# Chest Hair



## Luvher4life (Jan 15, 2016)

Do any of you TAM men have hairy chests?

If you do, does it gets too long? Do you trim it?

About once a year my chest hair just gets long and in the way. My wife enjoys my nipples as much as I enjoy her doing it.:grin2:

My next question is: How do you trim and avoid it itching?

Mine always itches for at least a couple of weeks after trimming. It is annoying to say the least. Is there some other way to do this? Going hairless is not something my wife or me would go for...


----------



## Mclane (Apr 28, 2016)

I'm an extremely hairy dude. It gets hot during the summer months and my girlfriend (and previous girlfriends) have sometimes shaved me for their own comfort.

It's going to itch, there's no way around it. Use a sharp electric trimmer that's got a good charge and don't go too short, that's about the only advice I can give. 

I tried waxing my body once, never again. That was over 5 years ago and I still get the occassional ingrown hairs which I never did before.


----------



## Ynot (Aug 26, 2014)

I have an electric trimmer. I use a guard so I don't cut too short. Every couple of months or so I give myself the once over. The hair never gets too long and I don't cut it too short. If you do that as opposed to really whacking it, you don't get the itch or the in grown hairs.


----------



## Lon (Jun 6, 2011)

Don't cut it so short and it won't itch.


----------



## DustyDog (Jul 12, 2016)

Luvher4life said:


> Do any of you TAM men have hairy chests?
> 
> If you do, does it gets too long? Do you trim it?
> 
> ...


The key is to trim, not cut. Then it won't itch.

Years ago I bought a beard trimmer that came with combs up to an inch thick...excellent for thinning/trimming elsewhere. It's hilarious what people think of hairy guys. I had more than one GF/SO say "now that's a surprise!!! I never expected a guy with your IQ to be so hairy!". Requests for trimming from them generally aimed at a lower part of the anatomy, to make it a more pleasant place for their faces to spend time. 

I tend to trim the chest just to avoid bunches of hair poking out from the shirt. It's my arm hair that causes me to get hot in the summer, so I trim that, too. I've also noticed that I can use a smaller towel after a shower, if I'm trimmed....


----------



## optimalprimus (Feb 4, 2015)

Yeah likewise I'm not super hairy but a trim with a barbers clipper and guard every few months keeps things neat enough. My wife doesn't really care but I do...plus the hair really hides my 6-pack...
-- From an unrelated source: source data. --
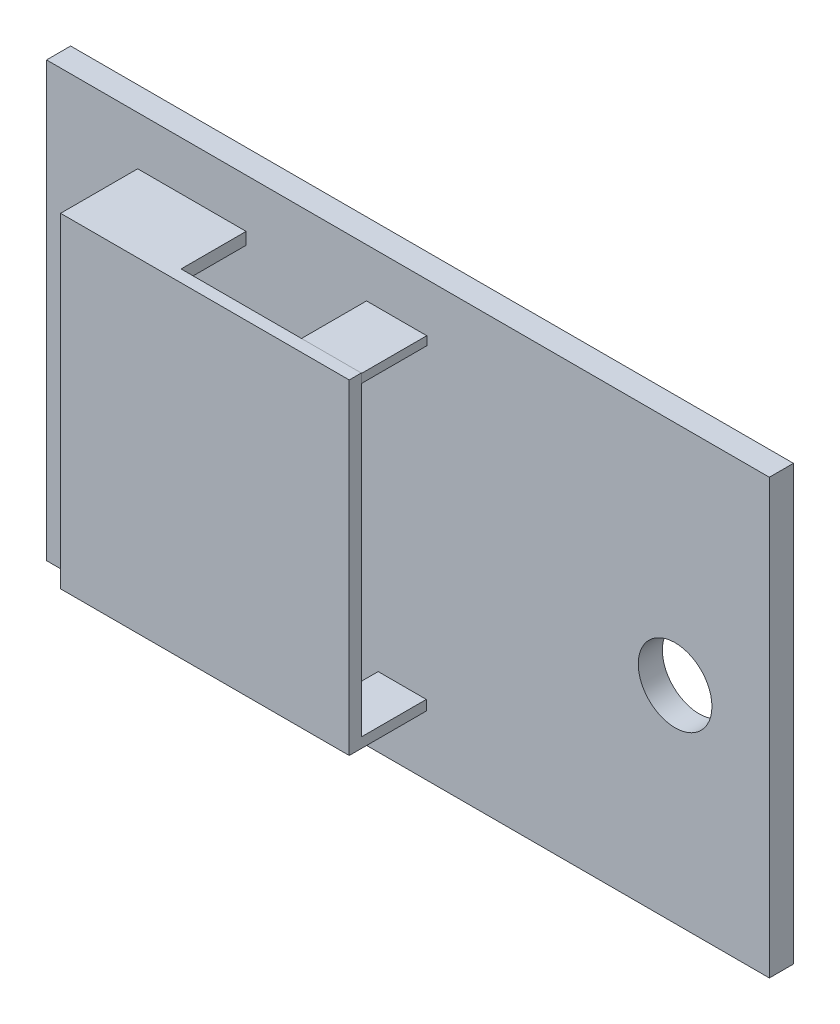
ISO-10303-21;
HEADER;
FILE_DESCRIPTION(('STEP AP214'),'2;1');
FILE_NAME('part.step','',(''),(''),'','','');
FILE_SCHEMA(('AUTOMOTIVE_DESIGN { 1 0 10303 214 1 1 1 1 }'));
ENDSEC;
DATA;
#1=APPLICATION_CONTEXT('core data for automotive mechanical design processes');
#2=APPLICATION_PROTOCOL_DEFINITION('international standard','automotive_design',2000,#1);
#3=PRODUCT_CONTEXT('',#1,'mechanical');
#4=PRODUCT('Part','Part','',(#3));
#5=PRODUCT_RELATED_PRODUCT_CATEGORY('part','',(#4));
#6=PRODUCT_DEFINITION_FORMATION('','',#4);
#7=PRODUCT_DEFINITION_CONTEXT('part definition',#1,'design');
#8=PRODUCT_DEFINITION('design','',#6,#7);
#9=PRODUCT_DEFINITION_SHAPE('','',#8);
#10=(LENGTH_UNIT() NAMED_UNIT(*) SI_UNIT(.MILLI.,.METRE.));
#11=(NAMED_UNIT(*) PLANE_ANGLE_UNIT() SI_UNIT($,.RADIAN.));
#12=(NAMED_UNIT(*) SI_UNIT($,.STERADIAN.) SOLID_ANGLE_UNIT());
#13=UNCERTAINTY_MEASURE_WITH_UNIT(LENGTH_MEASURE(1.E-05),#10,'distance_accuracy_value','');
#14=(GEOMETRIC_REPRESENTATION_CONTEXT(3) GLOBAL_UNCERTAINTY_ASSIGNED_CONTEXT((#13)) GLOBAL_UNIT_ASSIGNED_CONTEXT((#10,
#11,#12)) REPRESENTATION_CONTEXT('',''));
#15=CARTESIAN_POINT('',(0.,0.,0.));
#16=DIRECTION('',(0.,0.,1.));
#17=DIRECTION('',(1.,0.,0.));
#18=AXIS2_PLACEMENT_3D('',#15,#16,#17);
#19=CARTESIAN_POINT('',(0.,0.,37.));
#20=DIRECTION('',(0.,0.,-1.));
#21=DIRECTION('',(-1.,0.,0.));
#22=AXIS2_PLACEMENT_3D('',#19,#20,#21);
#23=PLANE('',#22);
#24=DIRECTION('',(0.,1.,0.));
#25=VECTOR('',#24,1.);
#26=CARTESIAN_POINT('',(58.2309614627117,13.2146675759325,37.));
#27=LINE('',#26,#25);
#28=CARTESIAN_POINT('',(58.2309614627117,9.58317186335365,37.));
#29=VERTEX_POINT('',#28);
#30=CARTESIAN_POINT('',(58.2309614627117,13.2085531623903,37.));
#31=VERTEX_POINT('',#30);
#32=EDGE_CURVE('E61',#29,#31,#27,.T.);
#33=ORIENTED_EDGE('',*,*,#32,.F.);
#34=DIRECTION('',(1.,0.,0.));
#35=VECTOR('',#34,1.);
#36=CARTESIAN_POINT('',(33.4142818054913,9.58317186335365,37.));
#37=LINE('',#36,#35);
#38=CARTESIAN_POINT('',(58.4142818054913,9.58317186335365,37.));
#39=VERTEX_POINT('',#38);
#40=EDGE_CURVE('E349',#29,#39,#37,.T.);
#41=ORIENTED_EDGE('',*,*,#40,.T.);
#42=DIRECTION('',(0.,1.,0.));
#43=VECTOR('',#42,1.);
#44=CARTESIAN_POINT('',(58.4142818054913,9.58317186335365,37.));
#45=LINE('',#44,#43);
#46=CARTESIAN_POINT('',(58.4142818054913,13.2085531623903,37.));
#47=VERTEX_POINT('',#46);
#48=EDGE_CURVE('E346',#39,#47,#45,.T.);
#49=ORIENTED_EDGE('',*,*,#48,.T.);
#50=DIRECTION('',(-1.,0.,0.));
#51=VECTOR('',#50,1.);
#52=CARTESIAN_POINT('',(33.4142818054913,13.2085531623903,37.));
#53=LINE('',#52,#51);
#54=EDGE_CURVE('E329',#47,#31,#53,.T.);
#55=ORIENTED_EDGE('',*,*,#54,.T.);
#56=EDGE_LOOP('',(#33,#41,#49,#55));
#57=FACE_BOUND('',#56,.T.);
#58=ADVANCED_FACE('F45',(#57),#23,.F.);
#59=CARTESIAN_POINT('',(0.,0.,10.));
#60=DIRECTION('',(0.,0.,1.));
#61=DIRECTION('',(1.,0.,0.));
#62=AXIS2_PLACEMENT_3D('',#59,#60,#61);
#63=PLANE('',#62);
#64=DIRECTION('',(0.,-1.,0.));
#65=VECTOR('',#64,1.);
#66=CARTESIAN_POINT('',(-99.3975903614459,33.433734939759,10.));
#67=LINE('',#66,#65);
#68=CARTESIAN_POINT('',(-99.3975903614459,33.433734939759,10.));
#69=VERTEX_POINT('',#68);
#70=CARTESIAN_POINT('',(-99.3975903614458,-146.566265060241,10.));
#71=VERTEX_POINT('',#70);
#72=EDGE_CURVE('E398',#69,#71,#67,.T.);
#73=ORIENTED_EDGE('',*,*,#72,.T.);
#74=DIRECTION('',(1.,0.,0.));
#75=VECTOR('',#74,1.);
#76=CARTESIAN_POINT('',(-99.3975903614458,-146.566265060241,10.));
#77=LINE('',#76,#75);
#78=CARTESIAN_POINT('',(200.602409638554,-146.566265060241,10.));
#79=VERTEX_POINT('',#78);
#80=EDGE_CURVE('E402',#71,#79,#77,.T.);
#81=ORIENTED_EDGE('',*,*,#80,.T.);
#82=DIRECTION('',(0.,1.,0.));
#83=VECTOR('',#82,1.);
#84=CARTESIAN_POINT('',(200.602409638554,33.433734939759,10.));
#85=LINE('',#84,#83);
#86=CARTESIAN_POINT('',(200.602409638554,33.433734939759,10.));
#87=VERTEX_POINT('',#86);
#88=EDGE_CURVE('E406',#79,#87,#85,.T.);
#89=ORIENTED_EDGE('',*,*,#88,.T.);
#90=DIRECTION('',(-1.,0.,0.));
#91=VECTOR('',#90,1.);
#92=CARTESIAN_POINT('',(-99.3975903614459,33.433734939759,10.));
#93=LINE('',#92,#91);
#94=EDGE_CURVE('E409',#87,#69,#93,.T.);
#95=ORIENTED_EDGE('',*,*,#94,.T.);
#96=EDGE_LOOP('',(#73,#81,#89,#95));
#97=FACE_BOUND('',#96,.T.);
#98=CARTESIAN_POINT('',(161.47442169969,-60.8983015499577,10.));
#99=DIRECTION('',(0.,0.,1.));
#100=DIRECTION('',(1.,0.,0.));
#101=AXIS2_PLACEMENT_3D('',#98,#99,#100);
#102=CIRCLE('',#101,15.2902951864238);
#103=CARTESIAN_POINT('',(176.764716886113,-60.8983015499577,10.));
#104=VERTEX_POINT('',#103);
#105=EDGE_CURVE('E390',#104,#104,#102,.T.);
#106=ORIENTED_EDGE('',*,*,#105,.F.);
#107=EDGE_LOOP('',(#106));
#108=FACE_BOUND('',#107,.T.);
#109=DIRECTION('',(1.,0.,0.));
#110=VECTOR('',#109,1.);
#111=CARTESIAN_POINT('',(38.2309614627117,-121.785332424067,10.));
#112=LINE('',#111,#110);
#113=CARTESIAN_POINT('',(38.2309614627117,-121.785332424067,10.));
#114=VERTEX_POINT('',#113);
#115=CARTESIAN_POINT('',(58.2309614627117,-121.785332424067,10.));
#116=VERTEX_POINT('',#115);
#117=EDGE_CURVE('E378',#114,#116,#112,.T.);
#118=ORIENTED_EDGE('',*,*,#117,.F.);
#119=DIRECTION('',(0.,-1.,0.));
#120=VECTOR('',#119,1.);
#121=CARTESIAN_POINT('',(38.2309614627117,-121.785332424067,10.));
#122=LINE('',#121,#120);
#123=CARTESIAN_POINT('',(38.2309614627117,-117.612412657303,10.));
#124=VERTEX_POINT('',#123);
#125=EDGE_CURVE('E318',#124,#114,#122,.T.);
#126=ORIENTED_EDGE('',*,*,#125,.F.);
#127=DIRECTION('',(-1.,0.,0.));
#128=VECTOR('',#127,1.);
#129=CARTESIAN_POINT('',(38.2309614627117,-117.612412657303,10.));
#130=LINE('',#129,#128);
#131=CARTESIAN_POINT('',(58.2309614627117,-117.612412657303,10.));
#132=VERTEX_POINT('',#131);
#133=EDGE_CURVE('E370',#132,#124,#130,.T.);
#134=ORIENTED_EDGE('',*,*,#133,.F.);
#135=DIRECTION('',(0.,1.,0.));
#136=VECTOR('',#135,1.);
#137=CARTESIAN_POINT('',(58.2309614627117,-121.785332424067,10.));
#138=LINE('',#137,#136);
#139=EDGE_CURVE('E373',#116,#132,#138,.T.);
#140=ORIENTED_EDGE('',*,*,#139,.F.);
#141=EDGE_LOOP('',(#118,#126,#134,#140));
#142=FACE_BOUND('',#141,.T.);
#143=DIRECTION('',(1.,0.,0.));
#144=VECTOR('',#143,1.);
#145=CARTESIAN_POINT('',(33.4142818054913,9.58317186335365,10.));
#146=LINE('',#145,#144);
#147=CARTESIAN_POINT('',(33.4142818054913,9.58317186335365,10.));
#148=VERTEX_POINT('',#147);
#149=CARTESIAN_POINT('',(58.4142818054913,9.58317186335365,10.));
#150=VERTEX_POINT('',#149);
#151=EDGE_CURVE('E338',#148,#150,#146,.T.);
#152=ORIENTED_EDGE('',*,*,#151,.F.);
#153=DIRECTION('',(0.,-1.,0.));
#154=VECTOR('',#153,1.);
#155=CARTESIAN_POINT('',(33.4142818054913,9.58317186335365,10.));
#156=LINE('',#155,#154);
#157=CARTESIAN_POINT('',(33.4142818054913,13.2085531623903,10.));
#158=VERTEX_POINT('',#157);
#159=EDGE_CURVE('E271',#158,#148,#156,.T.);
#160=ORIENTED_EDGE('',*,*,#159,.F.);
#161=DIRECTION('',(-1.,0.,0.));
#162=VECTOR('',#161,1.);
#163=CARTESIAN_POINT('',(33.4142818054913,13.2085531623903,10.));
#164=LINE('',#163,#162);
#165=CARTESIAN_POINT('',(58.4142818054913,13.2085531623903,10.));
#166=VERTEX_POINT('',#165);
#167=EDGE_CURVE('E330',#166,#158,#164,.T.);
#168=ORIENTED_EDGE('',*,*,#167,.F.);
#169=DIRECTION('',(0.,1.,0.));
#170=VECTOR('',#169,1.);
#171=CARTESIAN_POINT('',(58.4142818054913,9.58317186335365,10.));
#172=LINE('',#171,#170);
#173=EDGE_CURVE('E333',#150,#166,#172,.T.);
#174=ORIENTED_EDGE('',*,*,#173,.F.);
#175=EDGE_LOOP('',(#152,#160,#168,#174));
#176=FACE_BOUND('',#175,.T.);
#177=DIRECTION('',(1.,0.,0.));
#178=VECTOR('',#177,1.);
#179=CARTESIAN_POINT('',(-61.5669866459527,-121.785332424067,10.));
#180=LINE('',#179,#178);
#181=CARTESIAN_POINT('',(-61.5669866459527,-121.785332424067,10.));
#182=VERTEX_POINT('',#181);
#183=CARTESIAN_POINT('',(20.4330133540473,-121.785332424067,10.));
#184=VERTEX_POINT('',#183);
#185=EDGE_CURVE('E270',#182,#184,#180,.T.);
#186=ORIENTED_EDGE('',*,*,#185,.F.);
#187=DIRECTION('',(0.,-1.,0.));
#188=VECTOR('',#187,1.);
#189=CARTESIAN_POINT('',(-61.5669866459527,-116.785332424067,10.));
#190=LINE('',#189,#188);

Sent from my LG-H815 using Tapatalk


----------



## Luvher4life (Jan 15, 2016)

I always trim it with a rechargeable beard trimmer, and usually set it around a 4 or 5. It doesn't matter how long or short I cut it, it still itches when I wear shirts. I guess there's not much way to avoid this. I was just hoping there was some kind of trick or technique that would make it less itchy. It's been a couple of weeks now since I trimmed, so it's gotten better. I guess that's just the price you pay when you want to look good...:grin2:

Now it's time to "Nair" my back! It always feels numb for a couple of weeks after that.


----------



## Rowan (Apr 3, 2012)

Luvher4life said:


> I always trim it with a rechargeable beard trimmer, and usually set it around a 4 or 5. It doesn't matter how long or short I cut it, it still itches when I wear shirts. I guess there's not much way to avoid this. I was just hoping there was some kind of trick or technique that would make it less itchy.


Try using conditioner as a last step in your shower routine. Just a small dab of whatever your wife has in the shower, rubbed between your hands and then onto your chest hair, before rinsing it well. It might help soften the hair a bit so that it's not quite so prickly and itchy.


----------



## Luvher4life (Jan 15, 2016)

Rowan said:


> Try using conditioner as a last step in your shower routine. Just a small dab of whatever your wife has in the shower, rubbed between your hands and then onto your chest hair, before rinsing it well. It might help soften the hair a bit so that it's not quite so prickly and itchy.


Definitely worth a try. Thanks!

I'm getting ready for the beach, now, so I'll need to do the trimming thing all over, plus the Nair thing.


----------